It’s getting harder and harder to remember Victoria as William. When I speak of her infancy and toddler hood now, I naturally use the name Victoria rather than the William we called her at the time. Our walls are filling with pictures that give no clues as to her past. A few “before” pictures remain but I have it on my to do list to take them down soon; not because Victoria is bothered by them but because they might provoke unwanted questions when people begin to come over that do not know of Victoria’s beginnings. Overall, I am happy and content with this progression. Looking at Victoria’s first day of kindergarten pictures from earlier this week I am filled with nothing but happiness; I see my smiling, eager daughter, not my transgender daughter, just simply my daughter. Sometimes though, late at night, when the house is quiet and all the children are sleeping, I miss William.
I am not exactly sure what I miss. Before she had any concept of gender; before she was about two and half years old the William/Victoria of the past was very much like the Victoria I see today, albeit a toddler with short hair. William/Victoria has always been a daredevil, highly coordinated, snugly and physical, sensitive and sweet. Indeed it was when her personality changed that we knew something was really wrong. When William/Victoria was three she was as close to suicidal as a three year old could be without even knowing what that meant. She told me many times that she didn’t want to wake up the morning, that she didn’t want to live anymore. Eventually she stopped jumping and playing. She was a traumatized, anxious, shell of a child. Looking back with the perspective of a child who is now relatively happy, her behavior during that time is even more horrifying than it felt then. I certainly don’t wish for those days. So, again, what is it exactly that I miss about William? Is it the concept of being the mother of two boys? Is it because the name “William” was one that was special to me, a family name? Perhaps it is the fact that back then my biggest worry for her then was that she might jump off of something too high and break a bone — as opposed to my biggest worry for her now: that someone might harm her (or she, herself) for simply being who she is? I don’t really know.

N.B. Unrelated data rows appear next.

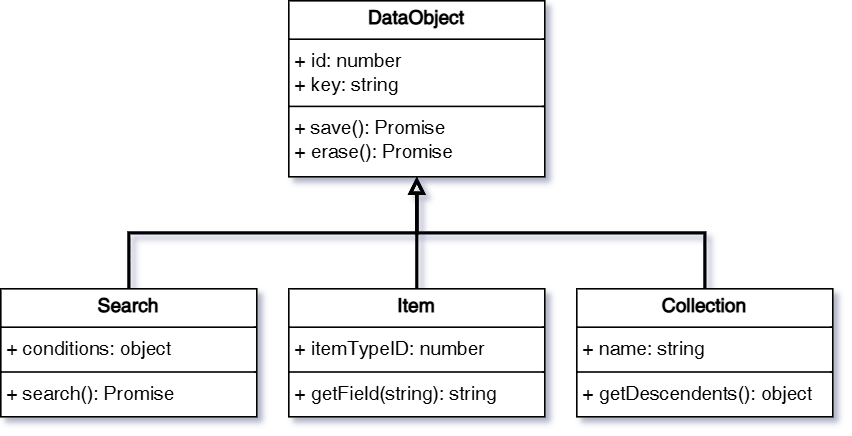

The diagram above was exported from draw.io. Its source (the exported page's mxGraphModel, read from the mxfile embedded in the PNG):
<mxGraphModel dx="821" dy="599" grid="1" gridSize="10" guides="1" tooltips="1" connect="1" arrows="1" fold="1" page="1" pageScale="1" pageWidth="850" pageHeight="1100" background="none" math="0" shadow="0">
  <root>
    <mxCell id="0" />
    <mxCell id="1" parent="0" />
    <mxCell id="ecFZHCThP1APC2G9PdUM-9" style="edgeStyle=orthogonalEdgeStyle;rounded=0;orthogonalLoop=1;jettySize=auto;html=1;exitX=0.5;exitY=1;exitDx=0;exitDy=0;entryX=0.5;entryY=0;entryDx=0;entryDy=0;startArrow=block;startFill=0;endArrow=none;endFill=0;strokeWidth=2;" edge="1" parent="1" source="ecFZHCThP1APC2G9PdUM-5" target="ecFZHCThP1APC2G9PdUM-8">
      <mxGeometry relative="1" as="geometry" />
    </mxCell>
    <mxCell id="ecFZHCThP1APC2G9PdUM-5" value="&lt;p style=&quot;margin:0px;margin-top:4px;text-align:center;&quot;&gt;&lt;b&gt;DataObject&lt;/b&gt;&lt;br&gt;&lt;/p&gt;&lt;hr size=&quot;1&quot; style=&quot;border-style:solid;&quot;&gt;&lt;p style=&quot;margin:0px;margin-left:4px;&quot;&gt;+ id: number&lt;/p&gt;&lt;p style=&quot;margin:0px;margin-left:4px;&quot;&gt;+ key: string&lt;/p&gt;&lt;hr size=&quot;1&quot; style=&quot;border-style:solid;&quot;&gt;&lt;p style=&quot;margin:0px;margin-left:4px;&quot;&gt;+ save(): Promise&lt;/p&gt;&lt;p style=&quot;margin:0px;margin-left:4px;&quot;&gt;+ erase(): Promise&lt;/p&gt;" style="verticalAlign=top;align=left;overflow=fill;html=1;whiteSpace=wrap;" vertex="1" parent="1">
      <mxGeometry x="270" y="160" width="160" height="110" as="geometry" />
    </mxCell>
    <mxCell id="ecFZHCThP1APC2G9PdUM-10" style="edgeStyle=orthogonalEdgeStyle;rounded=0;orthogonalLoop=1;jettySize=auto;html=1;exitX=0.5;exitY=0;exitDx=0;exitDy=0;entryX=0.5;entryY=1;entryDx=0;entryDy=0;strokeWidth=2;endArrow=block;endFill=0;" edge="1" parent="1" source="ecFZHCThP1APC2G9PdUM-7" target="ecFZHCThP1APC2G9PdUM-5">
      <mxGeometry relative="1" as="geometry" />
    </mxCell>
    <mxCell id="ecFZHCThP1APC2G9PdUM-7" value="&lt;p style=&quot;margin:0px;margin-top:4px;text-align:center;&quot;&gt;&lt;b&gt;Item&lt;/b&gt;&lt;/p&gt;&lt;hr size=&quot;1&quot; style=&quot;border-style:solid;&quot;&gt;&lt;p style=&quot;margin:0px;margin-left:4px;&quot;&gt;+ itemTypeID: number&lt;/p&gt;&lt;hr size=&quot;1&quot; style=&quot;border-style:solid;&quot;&gt;&lt;p style=&quot;margin:0px;margin-left:4px;&quot;&gt;+ getField(string): string&lt;/p&gt;" style="verticalAlign=top;align=left;overflow=fill;html=1;whiteSpace=wrap;" vertex="1" parent="1">
      <mxGeometry x="270" y="340" width="160" height="80" as="geometry" />
    </mxCell>
    <mxCell id="ecFZHCThP1APC2G9PdUM-8" value="&lt;p style=&quot;margin:0px;margin-top:4px;text-align:center;&quot;&gt;&lt;b&gt;Search&lt;/b&gt;&lt;/p&gt;&lt;hr size=&quot;1&quot; style=&quot;border-style:solid;&quot;&gt;&lt;p style=&quot;margin:0px;margin-left:4px;&quot;&gt;+ conditions: object&lt;/p&gt;&lt;hr size=&quot;1&quot; style=&quot;border-style:solid;&quot;&gt;&lt;p style=&quot;margin:0px;margin-left:4px;&quot;&gt;+ search(): Promise&lt;/p&gt;" style="verticalAlign=top;align=left;overflow=fill;html=1;whiteSpace=wrap;" vertex="1" parent="1">
      <mxGeometry x="90" y="340" width="160" height="80" as="geometry" />
    </mxCell>
    <mxCell id="ecFZHCThP1APC2G9PdUM-12" style="edgeStyle=orthogonalEdgeStyle;rounded=0;orthogonalLoop=1;jettySize=auto;html=1;exitX=0.5;exitY=0;exitDx=0;exitDy=0;entryX=0.5;entryY=1;entryDx=0;entryDy=0;strokeWidth=2;endArrow=block;endFill=0;" edge="1" parent="1" source="ecFZHCThP1APC2G9PdUM-11" target="ecFZHCThP1APC2G9PdUM-5">
      <mxGeometry relative="1" as="geometry" />
    </mxCell>
    <mxCell id="ecFZHCThP1APC2G9PdUM-11" value="&lt;p style=&quot;margin:0px;margin-top:4px;text-align:center;&quot;&gt;&lt;span style=&quot;background-color: initial; text-align: left;&quot;&gt;&lt;b&gt;Collection&lt;/b&gt;&lt;/span&gt;&lt;/p&gt;&lt;hr size=&quot;1&quot; style=&quot;border-style:solid;&quot;&gt;&lt;p style=&quot;margin:0px;margin-left:4px;&quot;&gt;+ name: string&lt;/p&gt;&lt;hr size=&quot;1&quot; style=&quot;border-style:solid;&quot;&gt;&lt;p style=&quot;margin:0px;margin-left:4px;&quot;&gt;+ getDescendents(): object&lt;/p&gt;" style="verticalAlign=top;align=left;overflow=fill;html=1;whiteSpace=wrap;" vertex="1" parent="1">
      <mxGeometry x="450" y="340" width="160" height="80" as="geometry" />
    </mxCell>
  </root>
</mxGraphModel>

I do know people with children who are sick or have actually died. I feel like a bit of an asshole for claiming some sort of loss with respect to William. William isn’t really lost to me, but changed in form. Yet I also know from experience that repressed feelings rarely just evaporate. I haven’t really acknowledged these feelings, even to myself, for fear of appearing less than supportive of Victoria. I truly am overjoyed that Victoria is happy. I don’t see being transgender as wrong, or abnormal, or a disability. I am happy she is here as who she is. And yet sometimes I dream of William and I miss him. Can I grieve William and yet still rejoice in Victoria?
Miraculously Victoria seems quite well integrated with her past William self. She happily looks at pictures of her when she was younger and sometimes when we refer to an event long past she will inquire “Is that when I was William?” I often describe Victoria as fearless and in so many ways she is. She skipped in to kindergarten this week like she owned the place and she flies through the air in gymnastics with unbridled glee. But there is one thing she is afraid of; she has one boogeyman. While she acknowledges her past as William, she is terrified of being called William or a boy now. She’s afraid, always, that someone will not think she’s a girl. In that way, my carefree William really is dead. Victoria will never be carefree. I know this because she tells me so, a dark cloud will pass over her face and she will look terrified, ready to run as she asks me in a new situation “Will they think I am a boy?”
William is gone. Perhaps he never really was. But his ghost haunts both of us.